> **Task requirements**: In the material below, find every line with "ezdxf" and pull it out.
——————————
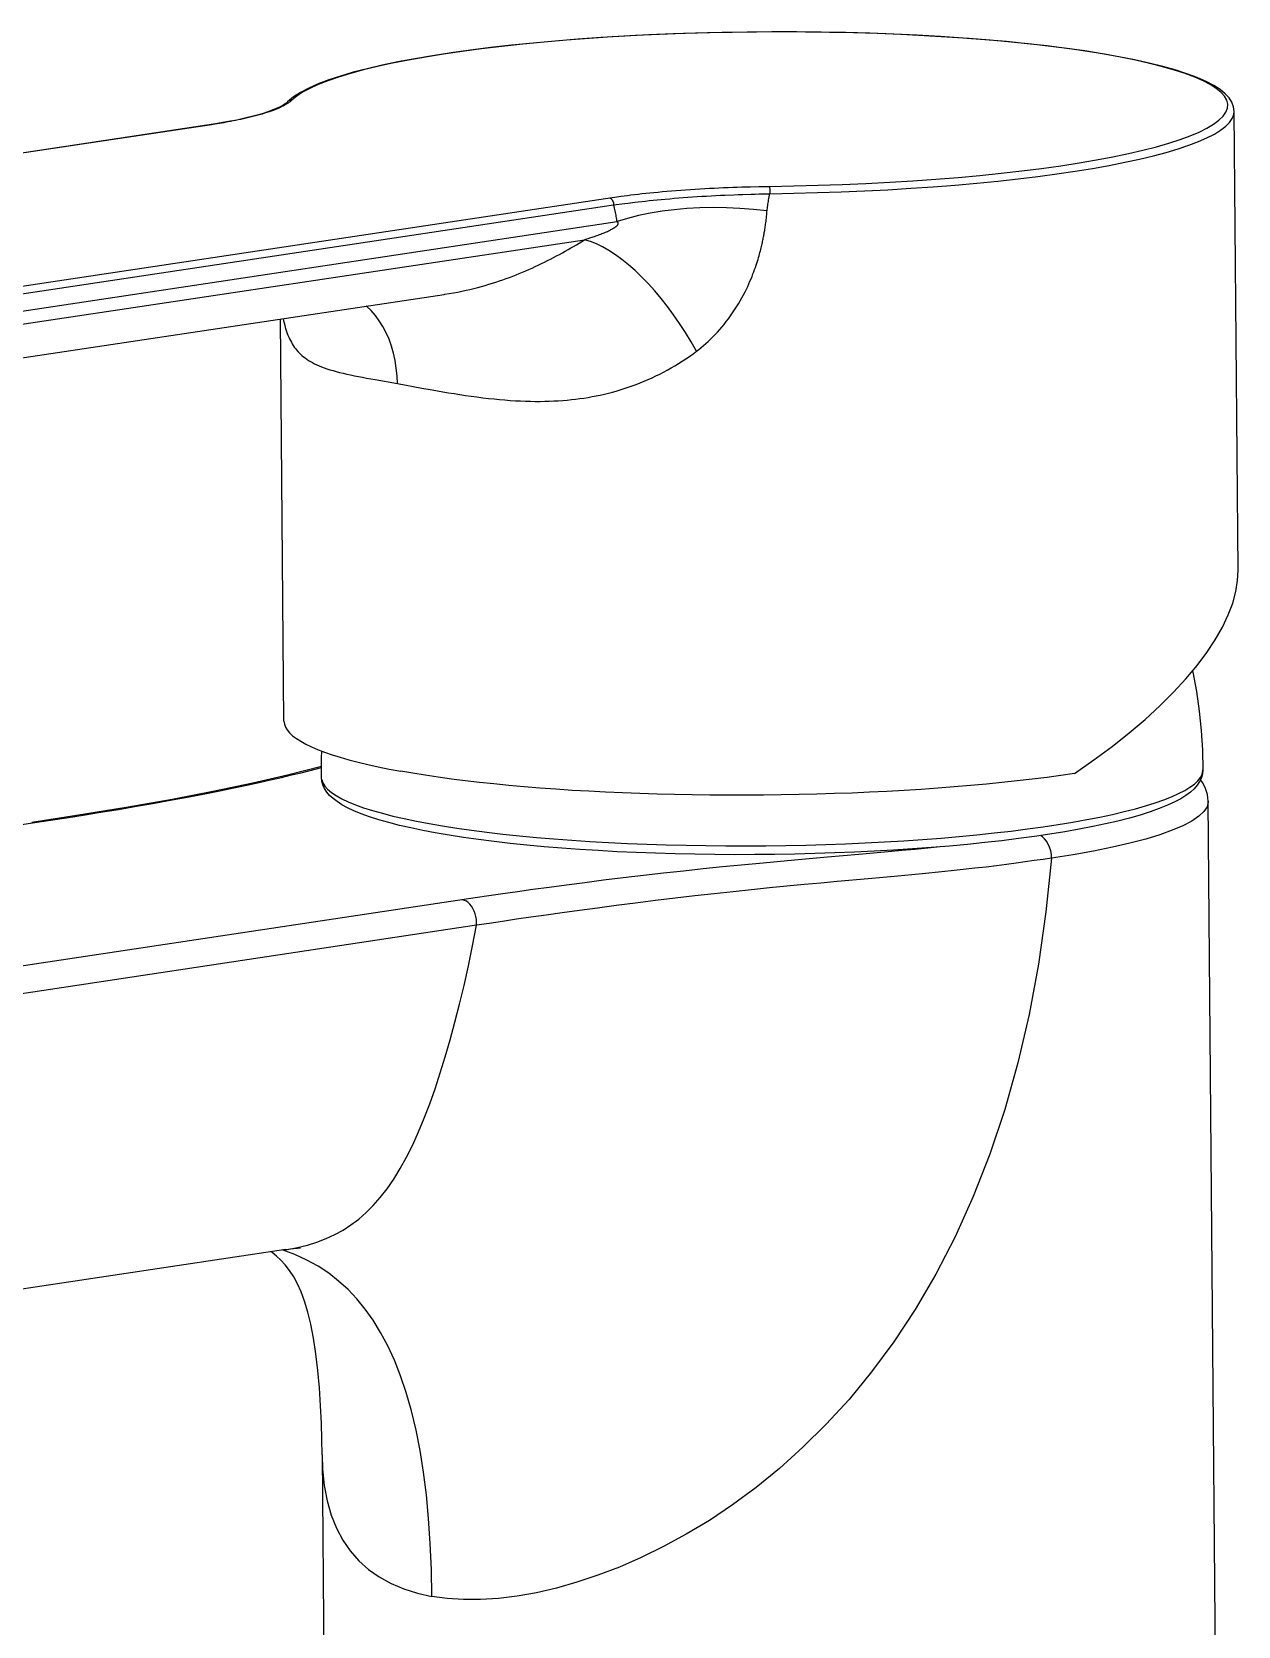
# Model space of a CAD drawing. Header units: millimetres. Extents: x 2004 to 2845, y 1448 to 2043.
# Drawn here: x 2611.6 to 2659.2, y 1847.5 to 1910.3 of the extents above; entities that cross this region are included whole.
import ezdxf

# ---------------------------------------------------------------- set-up
doc = ezdxf.new("R2010")
doc.units = ezdxf.units.MM
for name, color, linetype in [('02___PRT_ALL_AXES', 7, 'Continuous'), ('3_ALL_AXES', 7, 'Continuous'), ('6_ALL_SURFS', 7, 'Continuous'), ('7_ALL_FEATURES', 7, 'Continuous')]:
    doc.layers.add(name, color=color, linetype=linetype)

msp = doc.modelspace()

# ---------------------------------------------------------------- linework, layer by layer
at = {"color": 7, "linetype": 'Continuous'}
for p, q in [((2658.587, 1810.912), (2657.993, 1880.023)), ((2613.376, 1879.45), (2611.616, 1879.179)), ((2621.63, 1862.351), (2601.936, 1859.391)), ((2621.083, 1862.237), (2621.045, 1862.263)), ((2621.26, 1862.094), (2621.083, 1862.237)), ((2623.059, 1854.259), (2623.433, 1810.61))]:
    msp.add_line(p, q, dxfattribs=at)
at = {"color": 9, "linetype": 'Continuous'}
for p, q in [((2570.233, 1872.939), (2611.733, 1879.177)), ((2642.988, 1877.81), (2641.681, 1877.696)), ((2652.672, 1877.911), (2651.817, 1877.777)), ((2629.15, 1875.129), (2591.702, 1869.501)), ((2621.983, 1862.153), (2621.477, 1862.335))]:
    msp.add_line(p, q, dxfattribs=at)
for points in [[(2611.733, 1879.177), (2612.345, 1879.269), (2612.979, 1879.367), (2613.635, 1879.47), (2614.322, 1879.581), (2615.032, 1879.698), (2615.739, 1879.817), (2616.444, 1879.941), (2617.145, 1880.067), (2617.813, 1880.19), (2618.436, 1880.31), (2619.025, 1880.427), (2619.578, 1880.541), (2620.094, 1880.65), (2620.575, 1880.756), (2621.028, 1880.858), (2621.453, 1880.957), (2621.85, 1881.052), (2622.226, 1881.143), (2622.582, 1881.231), (2623.035, 1881.346)], [(2657.993, 1880.023), (2657.993, 1879.991), (2657.944, 1879.802), (2657.818, 1879.612), (2657.618, 1879.424), (2657.343, 1879.238), (2656.995, 1879.054), (2656.575, 1878.874), (2656.086, 1878.699), (2655.528, 1878.528), (2654.905, 1878.364), (2654.22, 1878.205), (2653.474, 1878.054), (2652.672, 1877.911)], [(2611.616, 1879.179), (2611.657, 1879.182), (2611.733, 1879.177)], [(2651.817, 1877.777), (2651.808, 1877.922), (2651.782, 1878.065), (2651.741, 1878.203), (2651.686, 1878.331), (2651.618, 1878.445), (2651.54, 1878.542), (2651.454, 1878.618), (2651.377, 1878.663)], [(2651.817, 1877.777), (2651.592, 1875.654), (2651.298, 1873.602), (2650.935, 1871.62), (2650.491, 1869.706), (2649.969, 1867.864), (2649.384, 1866.107), (2648.731, 1864.439), (2648.011, 1862.859), (2647.247, 1861.376), (2646.441, 1859.995), (2645.592, 1858.714), (2644.721, 1857.53), (2643.834, 1856.448), (2642.931, 1855.464), (2642.016, 1854.559), (2641.094, 1853.729), (2640.165, 1852.979), (2639.241, 1852.296), (2638.324, 1851.681), (2637.416, 1851.133), (2636.521, 1850.644), (2635.642, 1850.212), (2634.781, 1849.838), (2633.934, 1849.514), (2633.104, 1849.238), (2632.293, 1849.011), (2631.506, 1848.83), (2630.744, 1848.695), (2630.01, 1848.606), (2629.305, 1848.56), (2628.632, 1848.556), (2627.992, 1848.595), (2627.386, 1848.677)], [(2647.554, 1878.233), (2647.427, 1878.22), (2646.943, 1878.17), (2646.439, 1878.12), (2645.914, 1878.07), (2645.368, 1878.02), (2644.802, 1877.969), (2644.217, 1877.917), (2642.988, 1877.81)], [(2651.818, 1877.777), (2651.482, 1877.727), (2651.136, 1877.676), (2650.779, 1877.626), (2650.416, 1877.577), (2650.043, 1877.527), (2649.649, 1877.477), (2649.232, 1877.426), (2648.794, 1877.375), (2648.337, 1877.323), (2647.86, 1877.271), (2647.361, 1877.22), (2646.845, 1877.168), (2646.308, 1877.117), (2645.751, 1877.065), (2645.179, 1877.013), (2644.589, 1876.96), (2643.357, 1876.85)], [(2641.681, 1877.696), (2641, 1877.634), (2640.301, 1877.569), (2639.583, 1877.501), (2638.847, 1877.429), (2638.086, 1877.351), (2637.307, 1877.268), (2636.523, 1877.182), (2635.728, 1877.09), (2634.929, 1876.996), (2634.155, 1876.901), (2633.411, 1876.807), (2632.692, 1876.713), (2632.009, 1876.622), (2631.366, 1876.534), (2630.76, 1876.449), (2630.18, 1876.366), (2629.625, 1876.286), (2629.097, 1876.209), (2587.09, 1869.896)], [(2643.357, 1876.85), (2642.717, 1876.792), (2642.058, 1876.731), (2641.385, 1876.667), (2640.696, 1876.6), (2639.988, 1876.528), (2639.264, 1876.453), (2638.517, 1876.372), (2637.751, 1876.286), (2636.978, 1876.196), (2636.198, 1876.102), (2635.412, 1876.005), (2634.646, 1875.907), (2633.912, 1875.81), (2633.204, 1875.715), (2632.527, 1875.622), (2631.891, 1875.533), (2631.292, 1875.447), (2630.719, 1875.364), (2630.166, 1875.282), (2629.643, 1875.204), (2629.15, 1875.129)], [(2629.15, 1875.129), (2629.151, 1875.243), (2629.142, 1875.359), (2629.122, 1875.473), (2629.092, 1875.585), (2629.053, 1875.691), (2629.005, 1875.789), (2628.95, 1875.879), (2628.887, 1875.957), (2628.82, 1876.023), (2628.748, 1876.075), (2628.673, 1876.112), (2628.597, 1876.134)], [(2622.087, 1862.433), (2622.479, 1862.529), (2622.854, 1862.644), (2623.214, 1862.781), (2623.558, 1862.94), (2623.885, 1863.121), (2624.197, 1863.324), (2624.5, 1863.553), (2624.792, 1863.808), (2625.075, 1864.089), (2625.352, 1864.402), (2625.622, 1864.75), (2625.886, 1865.131), (2626.141, 1865.547), (2626.389, 1865.996), (2626.63, 1866.478), (2626.862, 1866.99), (2627.086, 1867.53), (2627.304, 1868.097), (2627.514, 1868.691), (2627.717, 1869.309), (2627.915, 1869.951), (2628.107, 1870.618), (2628.294, 1871.309), (2628.476, 1872.023), (2628.652, 1872.762), (2628.823, 1873.527), (2628.989, 1874.316), (2629.15, 1875.129)], [(2621.63, 1862.351), (2621.68, 1862.359), (2622.087, 1862.433)], [(2627.386, 1848.677), (2627.365, 1849.743), (2627.322, 1850.767), (2627.257, 1851.749), (2627.168, 1852.688), (2627.056, 1853.584), (2626.92, 1854.434), (2626.761, 1855.24), (2626.579, 1856.001), (2626.376, 1856.713), (2626.152, 1857.376), (2625.908, 1857.992), (2625.645, 1858.562), (2625.366, 1859.084), (2625.07, 1859.563), (2624.757, 1860.005), (2624.426, 1860.408), (2624.079, 1860.775), (2623.71, 1861.112), (2623.317, 1861.418), (2622.902, 1861.693), (2622.458, 1861.938), (2621.983, 1862.153)], [(2623.059, 1854.253), (2623.077, 1853.717), (2623.144, 1853.054), (2623.257, 1852.443), (2623.416, 1851.885), (2623.621, 1851.371), (2623.872, 1850.9), (2624.168, 1850.474), (2624.508, 1850.09), (2624.89, 1849.749), (2625.313, 1849.451), (2625.776, 1849.195), (2626.276, 1848.98), (2626.814, 1848.807), (2627.386, 1848.677)]]:
    msp.add_lwpolyline(points, dxfattribs=at)
at = {"color": 7, "linetype": 'Continuous'}
for points in [[(2623.036, 1881.381), (2621.696, 1881.048), (2620.321, 1880.73), (2618.813, 1880.411), (2617.152, 1880.091), (2615.335, 1879.771), (2613.376, 1879.45)], [(2657.993, 1880.023), (2657.965, 1880.282), (2657.889, 1880.523), (2657.773, 1880.745), (2657.686, 1880.86)], [(2621.607, 1861.743), (2621.436, 1861.93), (2621.26, 1862.094)], [(2621.613, 1862.348), (2621.735, 1862.366), (2621.932, 1862.392), (2622.083, 1862.409), (2622.188, 1862.418), (2622.207, 1862.42)], [(2623.057, 1854.26), (2623.048, 1854.866), (2623.029, 1855.512), (2622.998, 1856.198), (2622.951, 1856.905), (2622.89, 1857.583), (2622.813, 1858.236), (2622.718, 1858.861), (2622.612, 1859.412), (2622.497, 1859.89), (2622.37, 1860.316), (2622.233, 1860.687), (2622.09, 1861.002), (2621.939, 1861.278), (2621.776, 1861.526), (2621.607, 1861.743)]]:
    msp.add_lwpolyline(points, dxfattribs=at)
at = {"layer": '02___PRT_ALL_AXES', "color": 7, "linetype": 'Continuous'}
for points in [[(2657.378, 1885.157), (2657.39, 1885.1), (2657.527, 1884.337), (2657.635, 1883.569), (2657.713, 1882.801), (2657.761, 1882.029), (2657.779, 1881.257)], [(2623.033, 1880.958), (2623.038, 1881.726), (2623.05, 1881.992)]]:
    msp.add_lwpolyline(points, dxfattribs=at)
at = {"layer": '3_ALL_AXES', "color": 7, "linetype": 'Continuous'}
for p, q in [((2659.171, 1889.124), (2659.016, 1907.199)), ((2621.555, 1883.178), (2621.419, 1899.022))]:
    msp.add_line(p, q, dxfattribs=at)
at = {"layer": '6_ALL_SURFS', "color": 7, "linetype": 'Continuous'}
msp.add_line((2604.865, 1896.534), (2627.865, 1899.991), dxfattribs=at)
——————————
> **Result below**:
import ezdxf
doc = ezdxf.new("R2010")
doc.units = ezdxf.units.MM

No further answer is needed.